Cette étude révèle que les maladies allergiques de l’enfance sont liées à un vieillissement accéléré du système épigénétique, en particulier en cas d’eczéma persistant ou de multimorbidité allergique. Ces découvertes suggèrent que l’épigénétique peut servir d’indicateur du fardeau chronique de l’inflammation en allergologie pédiatrique. Toutefois, des études plus vastes, une évaluation prolongée et des mesures normalisées de l’inflammation sont nécessaires pour confirmer ces résultats.


Cette étude met en évidence les répercussions systémiques des maladies allergiques.
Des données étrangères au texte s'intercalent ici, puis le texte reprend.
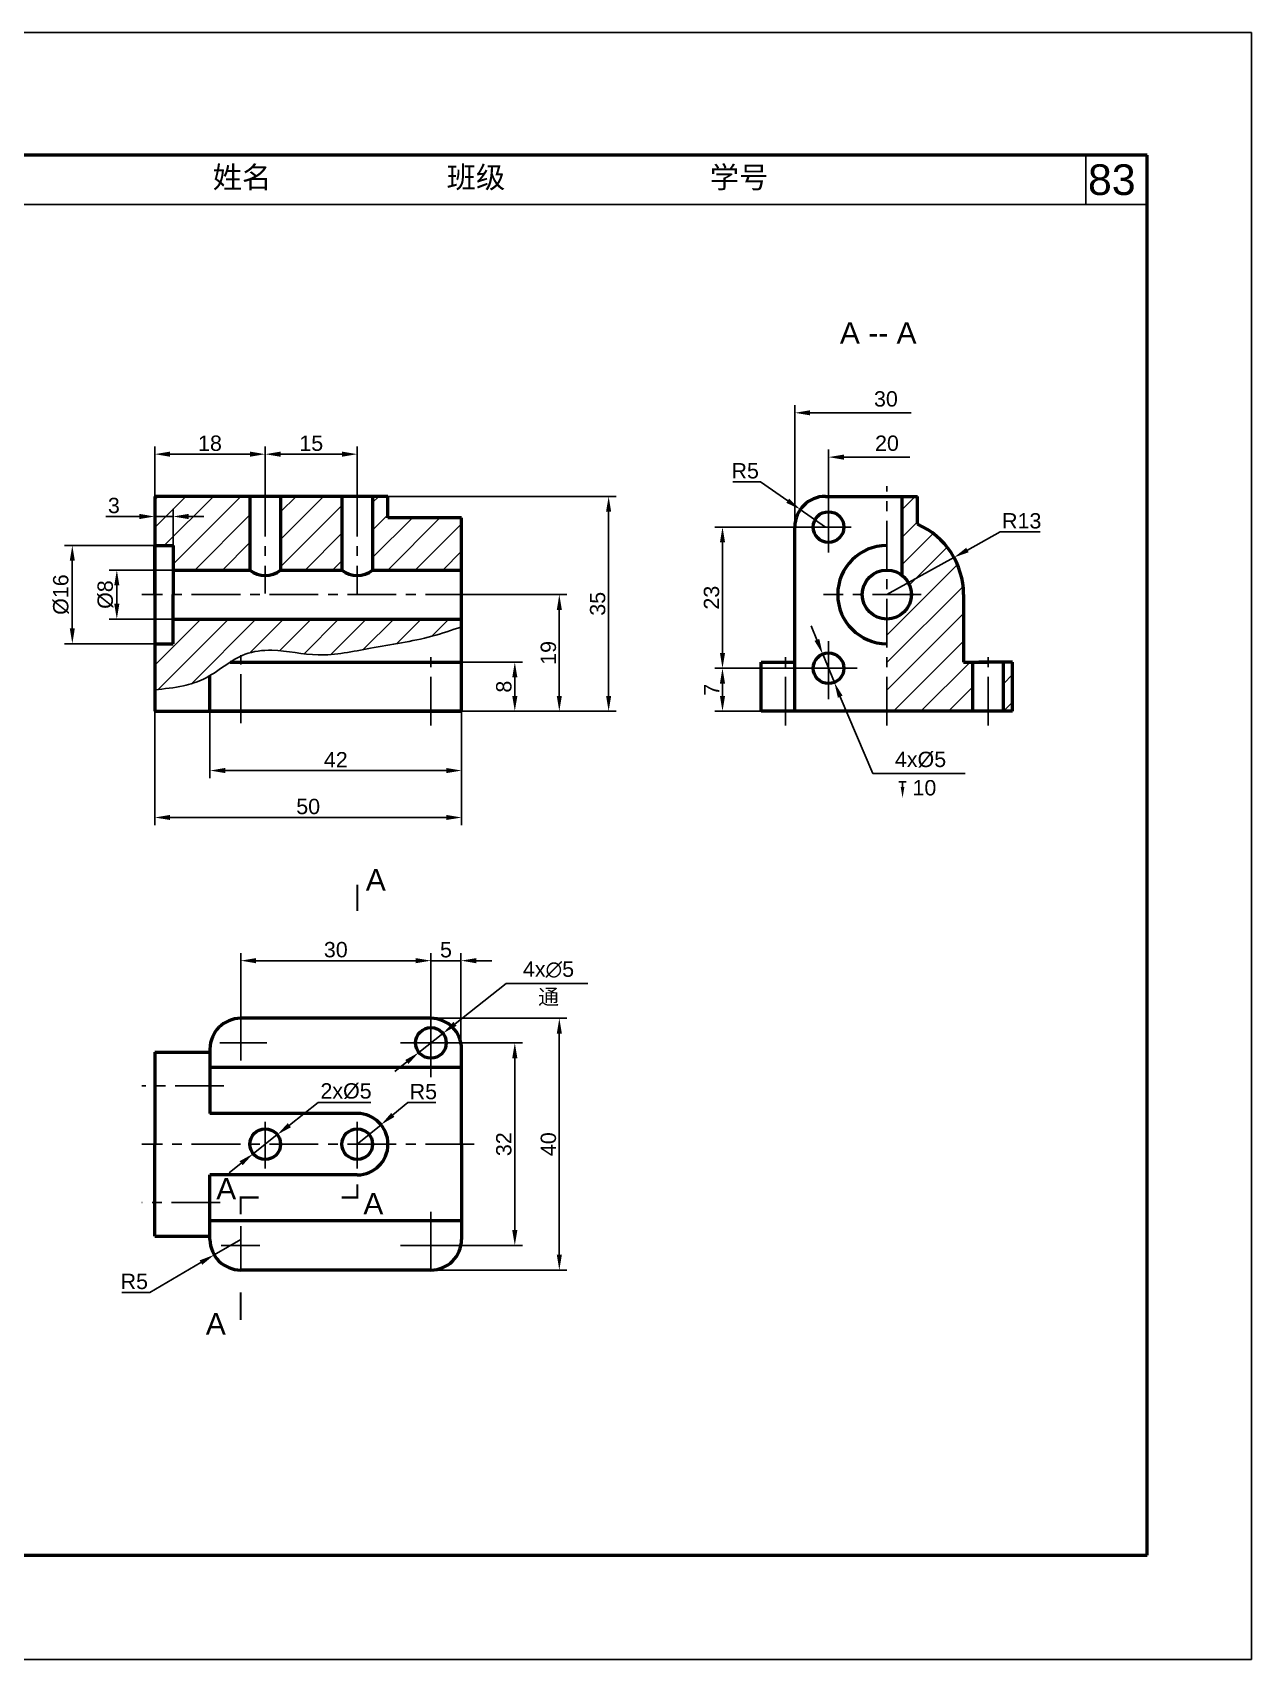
# Model space of a CAD drawing. Header units: millimetres. Extents: x 2253 to 3450, y 832 to 1419.
# Drawn here: x 2426.7 to 2625.4, y 832.3 to 1097.3 of the extents above; entities that cross this region are included whole.
import ezdxf

# ---------------------------------------------------------------- set-up
doc = ezdxf.new("R2010")
doc.units = ezdxf.units.MM
doc.header["$LTSCALE"] = 0.5
doc.linetypes.add('CENTER', pattern=[50.8, 31.75, -6.35, 6.35, -6.35])
doc.layers.add('1', color=7, linetype='Continuous', lineweight=53)
doc.layers.add('粗实线', color=7, linetype='Continuous', lineweight=53)
for name, color, linetype in [('2', 1, 'CENTER'), ('4', 7, 'Continuous'), ('图层3', 1, 'CENTER'), ('文字', 7, 'Continuous'), ('细实线', 7, 'Continuous')]:
    doc.layers.add(name, color=color, linetype=linetype)
doc.styles.add('dim', font='ARIAL.TTF')
doc.styles.add('样式 1', font='ARIAL.TTF', dxfattribs={"height": 5})
doc.dimstyles.new('GB-35', dxfattribs={"dimtxt": 2.5, "dimasz": 2.5, "dimexe": 1.25, "dimexo": 0, "dimgap": 0.5, "dimtad": 1, "dimdec": 0, "dimdsep": 46, "dimtxsty": 'dim', "dimcen": 2.5, "dimadec": 0, "dimazin": 2, "dimtfac": 1, "dimtdec": 0, "dimtmove": 0, "dimatfit": 3, "dimfxl": 0, "dimarcsym": 0})
doc.dimstyles.new('GB-35$3', dxfattribs={"dimtxt": 2.5, "dimasz": 2.5, "dimexe": 1.25, "dimexo": 0, "dimgap": 0.5, "dimtad": 1, "dimtoh": 1, "dimdec": 0, "dimdsep": 46, "dimtxsty": 'dim', "dimcen": 2.5, "dimadec": 0, "dimazin": 2, "dimtfac": 1, "dimtdec": 0, "dimtmove": 0, "dimatfit": 2, "dimfxl": 0, "dimarcsym": 0})
doc.dimstyles.new('GB-35$4', dxfattribs={"dimtxt": 2.5, "dimasz": 2.5, "dimexe": 1.25, "dimexo": 0, "dimgap": 0.5, "dimtad": 1, "dimtoh": 1, "dimdec": 0, "dimdsep": 46, "dimtxsty": 'dim', "dimcen": 2.5, "dimadec": 0, "dimazin": 2, "dimtfac": 1, "dimtdec": 0, "dimtmove": 0, "dimatfit": 1, "dimfxl": 0, "dimarcsym": 0})

# ---------------------------------------------------------------- blocks, each defined once
blk = doc.blocks.new('*D97')
at = {"layer": '4', "color": 0, "lineweight": -2, "transparency": 16777216}
for p, q in [((2455.65, 986.74), (2455.65, 975.83)), ((2496.65, 986.74), (2496.65, 975.83)), ((2458.15, 977.08), (2494.15, 977.08))]:
    blk.add_line(p, q, dxfattribs=at)
at = {"layer": '4', "color": 0, "transparency": 16777216}
for points in [[(2458.15, 977.5), (2458.15, 976.66), (2455.65, 977.08)], [(2494.15, 977.5), (2494.15, 976.66), (2496.65, 977.08)]]:
    blk.add_solid(points, dxfattribs=at)
at = {"layer": 'Defpoints', "color": 0, "transparency": 16777216}
for p in [(2455.65, 986.74), (2496.65, 986.74), (2496.65, 977.08)]:
    blk.add_point(p, dxfattribs=at)
at = {"layer": '4', "color": 0, "transparency": 16777216, "insert": (2476.15, 978.84), "char_height": 2.5, "attachment_point": 5, "style": 'dim'}
blk.add_mtext('42', dxfattribs=at)
blk = doc.blocks.new('_None')
blk = doc.blocks.new('*D98')
at = {"layer": '4', "color": 0, "lineweight": -2, "transparency": 16777216}
for p, q in [((2446.65, 986.74), (2446.65, 968.18)), ((2496.65, 986.74), (2496.65, 968.18)), ((2449.15, 969.43), (2494.15, 969.43))]:
    blk.add_line(p, q, dxfattribs=at)
at = {"layer": '4', "color": 0, "transparency": 16777216}
for points in [[(2449.15, 969.85), (2449.15, 969.02), (2446.65, 969.43)], [(2494.15, 969.85), (2494.15, 969.02), (2496.65, 969.43)]]:
    blk.add_solid(points, dxfattribs=at)
at = {"layer": 'Defpoints', "color": 0, "transparency": 16777216}
for p in [(2446.65, 986.74), (2496.65, 986.74), (2496.65, 969.43)]:
    blk.add_point(p, dxfattribs=at)
at = {"layer": '4', "color": 0, "transparency": 16777216, "insert": (2471.65, 971.21), "char_height": 2.5, "attachment_point": 5, "style": 'dim'}
blk.add_mtext('50', dxfattribs=at)
blk = doc.blocks.new('*D99')
at = {"layer": '4', "color": 0, "lineweight": -2, "transparency": 16777216}
for p, q in [((2446.65, 1021.74), (2446.65, 1029.86)), ((2449.15, 1028.61), (2462.15, 1028.61)), ((2464.65, 1023.15), (2464.65, 1029.86))]:
    blk.add_line(p, q, dxfattribs=at)
at = {"layer": '4', "color": 0, "transparency": 16777216}
for points in [[(2449.15, 1029.03), (2449.15, 1028.19), (2446.65, 1028.61)], [(2462.15, 1029.03), (2462.15, 1028.19), (2464.65, 1028.61)]]:
    blk.add_solid(points, dxfattribs=at)
at = {"layer": 'Defpoints', "color": 0, "transparency": 16777216}
for p in [(2464.65, 1028.61), (2464.65, 1023.15), (2446.65, 1021.74)]:
    blk.add_point(p, dxfattribs=at)
at = {"layer": '4', "color": 0, "transparency": 16777216, "insert": (2455.65, 1030.38), "char_height": 2.5, "attachment_point": 5, "style": 'dim'}
blk.add_mtext('18', dxfattribs=at)
blk = doc.blocks.new('*D100')
at = {"layer": '4', "color": 0, "lineweight": -2, "transparency": 16777216}
for p, q in [((2464.65, 1028.61), (2464.65, 1029.86)), ((2467.15, 1028.61), (2477.15, 1028.61)), ((2479.65, 1023.15), (2479.65, 1029.86))]:
    blk.add_line(p, q, dxfattribs=at)
at = {"layer": '4', "color": 0, "transparency": 16777216}
for points in [[(2467.15, 1029.03), (2467.15, 1028.19), (2464.65, 1028.61)], [(2477.15, 1029.03), (2477.15, 1028.19), (2479.65, 1028.61)]]:
    blk.add_solid(points, dxfattribs=at)
at = {"layer": 'Defpoints', "color": 0, "transparency": 16777216}
for p in [(2464.65, 1028.61), (2479.65, 1028.61), (2479.65, 1023.15)]:
    blk.add_point(p, dxfattribs=at)
at = {"layer": '4', "color": 0, "transparency": 16777216, "insert": (2472.15, 1030.38), "char_height": 2.5, "attachment_point": 5, "style": 'dim'}
blk.add_mtext('15', dxfattribs=at)
blk = doc.blocks.new('*D101')
at = {"layer": '4', "color": 0, "lineweight": -2, "transparency": 16777216}
for p, q in [((2449.65, 1009.74), (2439.22, 1009.74)), ((2440.47, 1004.24), (2440.47, 1007.24)), ((2449.65, 1001.74), (2439.22, 1001.74))]:
    blk.add_line(p, q, dxfattribs=at)
at = {"layer": '4', "color": 0, "transparency": 16777216}
for points in [[(2440.05, 1007.24), (2440.88, 1007.24), (2440.47, 1009.74)], [(2440.05, 1004.24), (2440.88, 1004.24), (2440.47, 1001.74)]]:
    blk.add_solid(points, dxfattribs=at)
at = {"layer": 'Defpoints', "color": 0, "transparency": 16777216}
for p in [(2440.47, 1009.74), (2449.65, 1009.74), (2449.65, 1001.74)]:
    blk.add_point(p, dxfattribs=at)
at = {"layer": '4', "color": 0, "transparency": 16777216, "insert": (2438.62, 1005.74), "char_height": 2.5, "attachment_point": 5, "rotation": 90, "style": 'dim'}
blk.add_mtext('%%C8', dxfattribs=at)
blk = doc.blocks.new('*D102')
at = {"layer": '4', "color": 0, "lineweight": -2, "transparency": 16777216}
for p, q in [((2446.65, 1013.74), (2431.97, 1013.74)), ((2433.22, 1000.24), (2433.22, 1011.24)), ((2446.65, 997.74), (2431.97, 997.74))]:
    blk.add_line(p, q, dxfattribs=at)
at = {"layer": '4', "color": 0, "transparency": 16777216}
for points in [[(2432.8, 1011.24), (2433.63, 1011.24), (2433.22, 1013.74)], [(2432.8, 1000.24), (2433.63, 1000.24), (2433.22, 997.74)]]:
    blk.add_solid(points, dxfattribs=at)
at = {"layer": 'Defpoints', "color": 0, "transparency": 16777216}
for p in [(2433.22, 1013.74), (2446.65, 1013.74), (2446.65, 997.74)]:
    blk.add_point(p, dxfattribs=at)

Elle montre qu’une accélération de l’âge biologique peut indiquer une souffrance chronique au niveau cellulaire. Ces résultats soulèvent plusieurs enjeux importants en santé publique. En effet, si l’inflammation allergique modifie la trajectoire du vieillissement dès l’enfance, elle pourrait majorer le risque de maladies chroniques plus tard dans la vie. Cette information tend à favoriser une prise en charge plus précoce et globale, qui pourrait inclure, à court terme, des indicateurs épigénétiques pour affiner les prévisions. Elle renforce également l’idée d’une conception intégrative de l’allergie, qui ne se limite plus à des symptômes isolés, mais qui est considérée comme un syndrome inflammatoire chronique à part entière. Une donnée qui pourrait bien changer notre approche thérapeutique.